# my se-r is only running on 3 cylinders



## Cheaster (Feb 26, 2003)

ever since i bottomed out on this shitty speed bump tonight my car has been running like shit. i had the music up so i didnt hear what i scraped but now the car is running terrible. right after i hit the bump we started smelling burning oil and exhaust fumes. i thought i might have hit somewhere on the exhaust and pinched the pipe shut but i couldnt see any dents when i looked under the car. now the engine is missing pretty badly and it has trouble finding an idle when its warmed up. u can feel the engine shaking during acceleration. also the exhaust sounds terrible and pops when u rev the engine. i checked all the little stuff that i could like the oil level, plugs, and plug wires. i have no clue what is wrong. i want to try and fix it tomorrow before it gets dark tomorrow. any helpful info would be appreciated.


----------



## himilefrontier (Jan 21, 2003)

did you bottom out the oil pan?If so, it may have destroyed the engine since there is very little clearence between the pan and oil pickup.Oil starvation may have done the damage.


----------



## BikerFry (Jul 31, 2003)

I'd be worried about the oil pan too... Does your exhaust have a color after the engine's warm?


----------



## Cheaster (Feb 26, 2003)

no the exhaust doesn't have a color too it when the motor is warm but u can smell the fumes. i dont think i cracked the oil pan because the oil level is still normal. unless i pushed the pan up into something else.


----------



## lovemysan (Jan 31, 2003)

last weekend I installed another JDM engine in my ser after the rod bearings went on the first.

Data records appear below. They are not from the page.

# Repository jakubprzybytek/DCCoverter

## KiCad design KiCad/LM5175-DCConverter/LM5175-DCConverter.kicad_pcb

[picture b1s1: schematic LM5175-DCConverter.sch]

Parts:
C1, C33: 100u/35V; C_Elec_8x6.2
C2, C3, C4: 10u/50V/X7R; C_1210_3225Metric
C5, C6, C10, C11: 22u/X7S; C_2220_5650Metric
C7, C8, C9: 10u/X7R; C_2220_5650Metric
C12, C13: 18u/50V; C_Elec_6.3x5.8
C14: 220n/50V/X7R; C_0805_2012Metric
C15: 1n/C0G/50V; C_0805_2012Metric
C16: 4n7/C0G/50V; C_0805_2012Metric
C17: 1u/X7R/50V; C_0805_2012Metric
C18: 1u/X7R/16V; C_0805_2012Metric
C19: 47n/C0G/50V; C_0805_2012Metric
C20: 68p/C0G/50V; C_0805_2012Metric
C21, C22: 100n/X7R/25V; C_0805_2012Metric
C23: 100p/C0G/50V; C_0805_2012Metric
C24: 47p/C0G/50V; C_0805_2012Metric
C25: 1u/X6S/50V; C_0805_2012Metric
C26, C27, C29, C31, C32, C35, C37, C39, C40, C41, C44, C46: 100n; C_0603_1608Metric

The engine was so new and the condition of under the valve was excellent. The main also showed no sign of seepage. I elected not to open the bottem end up. Upon turning the engine up I noticed the oil pan dented. After I removed it to replace it I noticed just what himile has said. There is very little room between the oil pickup and the bottom of the pan. There was a mark left by the pickup. Had I not had my morning caffiene, we would have installed it and cranked with a no way for it to get oil.


----------



## Schlegs 200SX (Mar 19, 2003)

do u have a cold air intake?


----------



## Schlegs 200SX (Mar 19, 2003)

if you do i might have an answer for you....


----------



## insanestvtop (Dec 3, 2002)

hey, at least you didnt run up on a curb cause a tire went out when it was wet outside, i ripped my oil pan and my car beld to death on the street, though its back to working that was around christmas time, wonderful present to myself. oh well, yea, ever since then its kinda run worse, but i think im going to do a se-r swap this christmas, cause my car is in OK at home right now, and im in CA in college


----------



## Schlegs 200SX (Mar 19, 2003)

how do u know its only on 3 cylinders? or is that how ur describing how it runs? u may want to check ur maf, bc if its still running its prob not oil pan or anything like that....


----------



## [V]igilant[D]river (Mar 6, 2003)

The car sounds like a lawn mower if its running on 3 cylinders.


----------



## sentrasersr20de (Jun 1, 2003)

Do you have a header on your car. Spray water on each header tube close to the head and if one of them doesn't vaporize the water quick enough would tell you if it is firing. how much of a dent does your oil pan have? maybe your plug wires came loose. I alway recommend putting duralube in your motor. My 91 ser hit a center divider and drained all the oil from the previous owner. He drove it 15 miles home completely dry and now I own it and I can rev it all the way to redline and the motor runs great. no bearing knock. My 80 Suburban leaked oil from the main rear seal and would run complete out of oil every other week. The duralube kept the motor from being damaged.


----------



## 180SX-X (Sep 21, 2003)

check it, your oil pan might have been hit but no visible dent, what you should do is remove it, then check the oil pick up...look for scratches on your oil pan, is this is not the case, then check all your fuel lines(only if you had a lil' bit of fuel when you bottomed out).


----------



## Cheaster (Feb 26, 2003)

my fault fellas...i didnt get on the computer for a few days. well i figured out what the problem is and its stupid as shit. the car was only running on 3 cylinders. i had the motor running the other day and i was pulling out the plug wires to see if all the cylinders were firing. when i pulled one plug wire it was arching off the side and i noticted some white marks on the sides. it wasn't giving the spark plug any spark. when i pulled any of the other plugs the car sounded like junk and almost stalled out. i just put electrical tape over the whole end of the plug wire for the time being. now she runs fine. no more shitty gas mileage(13-15mpg.) i thought it was going to be something more expensive but i guess i lucked out.


----------



## BikerFry (Jul 31, 2003)

Don't ya love it when shit like that turns out to be a cheap fix? Glad you were able to fix your car for 5 cents worth of tape.


----------